Intel : entre percée technologique et soutien présidentiel, le géant des puces reprend des couleurs

L’action Intel a connu une flambée remarquable jeudi, bondissant de 6,5 % dans des volumes d’échanges particulièrement nourris, avant de gagner encore 2 % lors des transactions électroniques après la clôture. Ce regain d’intérêt soudain des investisseurs ne doit rien au hasard. Il fait suite à une convergence d’événements favorables : une présentation technique rassurante lors du CES 2026 et un adoubement politique de premier plan venant directement de la Maison Blanche. Pour le marché, en quête de preuves tangibles du redressement du groupe, ces signaux semblent valider la nouvelle stratégie du fondeur.

Le pari industriel de la gravure 18A porte ses fruits

Au cœur de cette dynamique boursière se trouve le lancement officiel des processeurs Core Ultra Series 3, surnommés « Panther Lake ». C’est une étape cruciale pour l’entreprise de Santa Clara, car ces puces sont les premières à bénéficier du procédé de fabrication 18A, une technologie de gravure en dessous de 2 nanomètres développée et empaquetée sur le sol américain. Plus qu’une simple annonce produit, cette commercialisation démontre que le pari industriel audacieux et coûteux d’Intel commence à payer.
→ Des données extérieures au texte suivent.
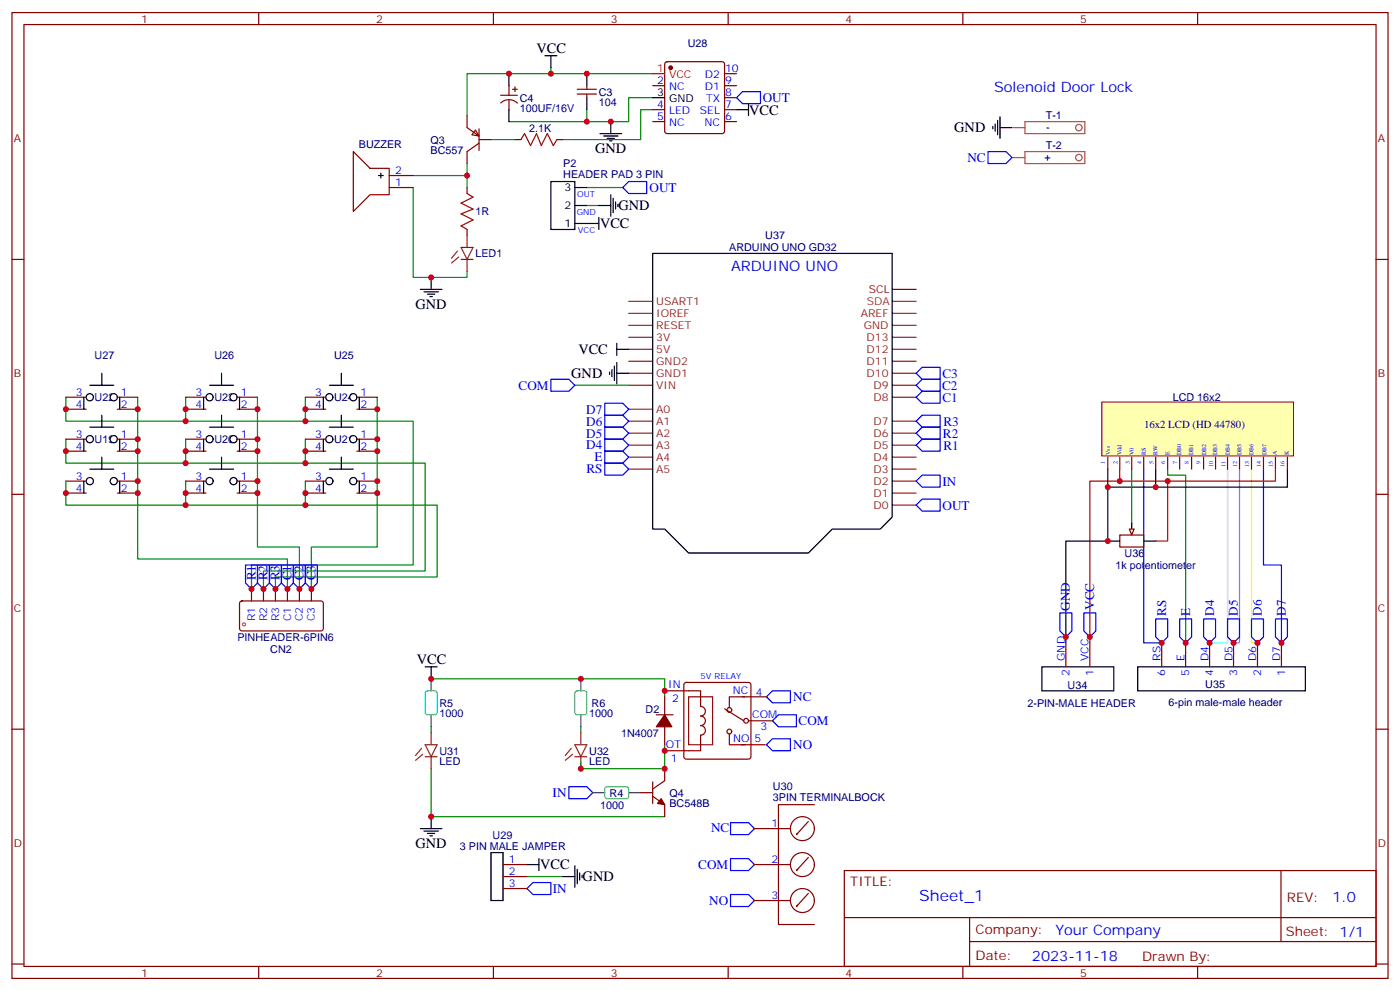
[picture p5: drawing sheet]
<svg xmlns="http://www.w3.org/2000/svg" width="412mm" height="292mm" viewBox="0 0 412 292" stroke-linecap="round" stroke-linejoin="round" font-family="sans-serif">
<g fill="none" stroke="#870000" stroke-width=".35">
<path d="M3.5 3.7h405.4v284.3h-405.4zM7.1 7.2h398.2v277.3h-398.2zM76.2 3.7v3.5M145.3 3.7v3.5M214.5 3.7v3.5M283.6 3.7v3.5M352.8 3.7v3.5M3.5 76.4h3.6M405.3 76.4h3.6M3.5 145.5h3.6M405.3 145.5h3.6M70.8 177.1l.5-.2 23.5 .1 .4 .6v7.7l-.7 .4h-23.5l-.4-.7v-7.4z"/>
<path d="M74.1 173.4v3.5M77.6 173.4v3.5M81.1 173.4v3.5M84.7 173.4v3.5M88.2 173.4v3.5M91.7 173.4v3.5M3.5 214.7h3.6M405.3 214.7h3.6M248.7 256.3h156.6v28.2h-156.6zM377.3 256.3v20.9M248.7 270.1h156.5M285.6 277.2h119.6"/>
<path d="M285.6 270.1v14.2M3.5 283.8h3.6M76.2 284.5v3.5M145.3 284.5v3.5M214.5 284.5v3.5M283.6 284.5v3.5M352.8 284.5v3.5M405.3 283.8h3.6"/>
</g>
<path d="M19.4 116.9v7.1h102.3v42.3h-47.6v7.1M40.6 116.9v47.7h44.1v8.8M54.7 116.9v7.1M75.8 116.9v44.1h12.4v12.4M90 116.9v7.1M111.1 116.9v44.1h-19.4v12.4M19.4 129.3v7h105.8v31.8h-47.6v5.3M54.7 129.3v7M90 129.3v7M19.4 141.6v7.1h109.4v21.2h-47.7v3.5M54.7 141.6v7.1M90 141.6v7.1" fill="none" stroke="#008700" stroke-width=".35"/>
<path d="M26.5 138.1h7M30 134.6v3.5" fill="none" stroke="#000" stroke-width=".35"/>
<g fill="#fff" stroke="#000" stroke-width=".35">
<circle cx="26.5" cy="141.6" r="1.06"/>
<circle cx="33.5" cy="141.6" r="1.06"/>
</g>
<path d="M19.4 141.6h6M19.4 145.2h6M34.6 141.6h6M34.6 145.2h6" fill="none" stroke="#870000" stroke-width=".35"/>
<path d="M61.7 138.1h7.1M65.3 134.6v3.5M24.7 141.6v3.6M35.3 141.6v3.6" fill="none" stroke="#000" stroke-width=".35"/>
<g fill="#fff" stroke="#000" stroke-width=".35">
<circle cx="61.7" cy="141.6" r="1.06"/>
<circle cx="68.8" cy="141.6" r="1.06"/>
</g>
<path d="M54.7 141.6h6M54.7 145.2h6M69.8 141.6h6M69.8 145.2h6" fill="none" stroke="#870000" stroke-width=".35"/>
<path d="M97 138.1h7.1M100.5 134.6v3.5M60 141.6v3.6M70.6 141.6v3.6" fill="none" stroke="#000" stroke-width=".35"/>
<g fill="#fff" stroke="#000" stroke-width=".35">
<circle cx="97" cy="141.6" r="1.06"/>
<circle cx="104.1" cy="141.6" r="1.06"/>
</g>
<path d="M90 141.6h6M90 145.2h6M105.1 141.6h6M105.1 145.2h6" fill="none" stroke="#870000" stroke-width=".35"/>
<path d="M26.5 125.8h7M30 122.2v3.6M95.2 141.6v3.6M105.8 141.6v3.6" fill="none" stroke="#000" stroke-width=".35"/>
<g fill="#fff" stroke="#000" stroke-width=".35">
<circle cx="26.5" cy="129.3" r="1.06"/>
<circle cx="33.5" cy="129.3" r="1.06"/>
</g>
<path d="M19.4 129.3h6M19.4 132.8h6M34.6 129.3h6M34.6 132.8h6" fill="none" stroke="#870000" stroke-width=".35"/>
<path d="M24.7 129.3v3.5M35.3 129.3v3.5M61.7 125.8h7.1M65.3 122.2v3.6" fill="none" stroke="#000" stroke-width=".35"/>
<g fill="#fff" stroke="#000" stroke-width=".35">
<circle cx="61.7" cy="129.3" r="1.06"/>
<circle cx="68.8" cy="129.3" r="1.06"/>
</g>
<path d="M54.7 129.3h6M54.7 132.8h6M69.8 129.3h6M69.8 132.8h6" fill="none" stroke="#870000" stroke-width=".35"/>
<path d="M60 129.3v3.5M70.6 129.3v3.5M97 125.8h7.1M100.5 122.2v3.6" fill="none" stroke="#000" stroke-width=".35"/>
<g fill="#fff" stroke="#000" stroke-width=".35">
<circle cx="97" cy="129.3" r="1.06"/>
<circle cx="104.1" cy="129.3" r="1.06"/>
</g>
<path d="M90 129.3h6M90 132.8h6M105.1 129.3h6M105.1 132.8h6" fill="none" stroke="#870000" stroke-width=".35"/>
<path d="M97 113.4h7.1M100.5 109.9v3.5M95.2 129.3v3.5M105.8 129.3v3.5" fill="none" stroke="#000" stroke-width=".35"/>
<g fill="#fff" stroke="#000" stroke-width=".35">
<circle cx="97" cy="116.9" r="1.06"/>
<circle cx="104.1" cy="116.9" r="1.06"/>
</g>
<path d="M90 116.9h6M105.1 116.9h6M90 120.5h6M105.1 120.5h6" fill="none" stroke="#870000" stroke-width=".35"/>
<path d="M61.7 113.4h7.1M65.3 109.9v3.5M95.2 116.9v3.6M105.8 116.9v3.6" fill="none" stroke="#000" stroke-width=".35"/>
<g fill="#fff" stroke="#000" stroke-width=".35">
<circle cx="61.7" cy="116.9" r="1.06"/>
<circle cx="68.8" cy="116.9" r="1.06"/>
</g>
<path d="M54.7 116.9h6M69.8 116.9h6M54.7 120.5h6M69.8 120.5h6" fill="none" stroke="#870000" stroke-width=".35"/>
<path d="M26.5 113.4h7M30 109.9v3.5M60 116.9v3.6M70.6 116.9v3.6" fill="none" stroke="#000" stroke-width=".35"/>
<g fill="#fff" stroke="#000" stroke-width=".35">
<circle cx="26.5" cy="116.9" r="1.06"/>
<circle cx="33.5" cy="116.9" r="1.06"/>
</g>
<g fill="none" stroke="#870000" stroke-width=".35">
<path d="M196 18.4l.5-.2h16.2l.5 .2 .2 .5v19.7l-.2 .5-.5 .2h-16.2l-.5-.2-.2-.5v-19.7zM137.6 34v3.6l3.5 2.4M140.1 38.3l1 1.7-2.1-.3zM141.1 37.9v6.4M147.5 28h4.9M147.5 30.3a3.5 3.5 0 0 1 4.9 0M149.9 25.2v2.8M149.9 29.5v2.8M151 26.3h1.4M151.7 25.6v1.4M170 27.7h5.7M170 26.3h5.7"/>
<path d="M172.9 25.2v1.1M172.9 27.7v1.1M192.3 25.2h3.5M192.3 32.3h3.5M192.3 35.8h3.5M213.4 25.2h3.6M213.4 32.3h3.6M213.4 35.8h3.6M213.4 28.8h3.6M213.4 21.7h3.6M104.1 44.6l4.9 5h5.7v7.7h-5.7l-4.9 5zM114.7 55.2h7"/>
<path d="M114.7 51.7h7M137.6 55.2v1.8M141.1 42.2l-3.5 2.4v3.6M141.1 41.1h3.5M151.7 41.1h1.8M164 41.1h1.8M137.6 67.6v1.7M19.4 116.9h6M34.6 116.9h6M19.4 120.5h6M34.6 120.5h6M314 189.3v7"/>
<path d="M321 189.3v7M342.2 189.3v7M349.2 189.3v7M356.3 189.3v7M363.4 189.3v7M370.4 189.3v7M377.5 189.3v7M193.3 210.4h5M195.8 203.4h10.6v4.6a1.41 1.41 0 0 1 1.4 1.4 1.41 1.41 0 0 1-1.4 1.4 1.41 1.41 0 0 1 1.4 1.4 1.41 1.41 0 0 1-1.4 1.4 1.41 1.41 0 0 1 1.4 1.4 1.41 1.41 0 0 1-1.4 1.4v4.6h-10.6M195.8 205.1v5.3M195.8 214v5.3M201.7 201.1l.4-.2h18.4l.5 .2 .2 .5v21.2l-.2 .5-.5 .2h-18.4l-.5-.2-.2-.5v-21.2z"/>
<path d="M213.4 208.7l5.7 3.5M214.8 216.1v3.2h4.6M218.4 219.3h7M218.7 205.1h7.1M219.4 205.1h-4.6v3.2M220.5 212.2h7M188.7 233.4h3.6M192.3 234.4l3.5 2.5v3.5M192.3 230.2v6.3M195.8 226.3v3.5l-3.5 2.5M239.9 236.9h-10.6v35.3h10.6M148.2 254.5h7"/>
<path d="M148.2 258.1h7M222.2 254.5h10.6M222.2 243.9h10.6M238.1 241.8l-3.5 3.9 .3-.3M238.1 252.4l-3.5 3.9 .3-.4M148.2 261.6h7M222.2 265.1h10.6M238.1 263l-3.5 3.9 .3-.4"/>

La disponibilité réelle de ces composants prouve que les problèmes de production appartiennent au passé et que l’écart technologique avec les concurrents se réduit drastiquement. Ces avancées positionnent également Intel comme un acteur sérieux sur le segment très convoité des PC optimisés pour l’intelligence artificielle. Face à ces éléments concrets, les analystes revoient leur copie : le cabinet Melius Research a ainsi relevé sa recommandation à l’achat avec un objectif de cours à 50 dollars, actant la crédibilité retrouvée du groupe.

Un signal fort envoyé par les investisseurs institutionnels

L’analyse technique des mouvements boursiers révèle une accumulation agressive qui dépasse la simple spéculation des particuliers. Avec un volume explosif de 164 millions de titres échangés — soit près du double de la moyenne trimestrielle de 89 millions — ce sont bien les investisseurs institutionnels qui sont à la manœuvre. Cette pression acheteuse massive a permis au titre de briser d’anciennes résistances techniques pour atteindre un plus haut sur 52 semaines à 44,57 dollars.

Cette configuration suggère une entrée stratégique de la « smart money », cherchant à absorber l’offre existante pour créer un nouveau seuil de support. La montée vigoureuse du cours a également provoqué un phénomène de « short squeeze », forçant les vendeurs à découvert à racheter leurs positions en urgence, amplifiant ainsi la hausse.

L’État actionnaire et la bénédiction de la Maison Blanche

À cette réussite industrielle s’ajoute une dimension éminemment politique. Donald Trump a personnellement salué les performances de l’entreprise via un message sur Truth Social, qualifiant le PDG Lip-Bu Tan de dirigeant « très efficace » à l’issue d’une rencontre entre les deux hommes. Le président américain s’est félicité de ce qu’il considère comme une victoire du « Made in USA » dans le secteur stratégique des semi-conducteurs.

Il faut rappeler que l’État fédéral est désormais un actionnaire de poids, détenant 10 % du capital d’Intel suite à un investissement de 8,9 milliards de dollars, issu de la conversion de subventions du CHIPS Act. Une opération pour l’heure très lucrative pour le contribuable américain, puisque la valorisation de cette participation a grimpé de 75 % depuis l’annonce de l’investissement, dépassant désormais les 18 milliards de dollars. Donald Trump n’a pas manqué de souligner que le gouvernement avait réalisé là une excellente affaire financière en seulement quatre mois.

Une gouvernance stabilisée après une période de turbulences

Ce climat d’euphorie tranche avec les difficultés récentes traversées par le groupe. Lip-Bu Tan, qui a remplacé Pat Gelsinger au poste de PDG en mars dernier, a dû naviguer en eaux troubles, entre pertes de parts de marché face à Nvidia et AMD et plans de licenciements massifs touchant des milliers d’employés. Le dirigeant a également dû faire preuve de pragmatisme en ralentissant la production aux États-Unis et en Europe, repoussant notamment l’ouverture de l’usine de l’Ohio à l’horizon 2030-2031.

Même les relations avec l’exécutif se sont apaisées. Après avoir un temps réclamé la démission de Tan en raison de ses investissements passés dans la technologie chinoise, Donald Trump loue désormais son parcours et son « histoire incroyable ». Si l’optimisme est de retour, la véritable épreuve du feu aura lieu le 22 janvier prochain lors de la publication des résultats financiers. Les marchés attendent de voir si ce redressement boursier spectaculaire sera confirmé par des fondamentaux économiques solides.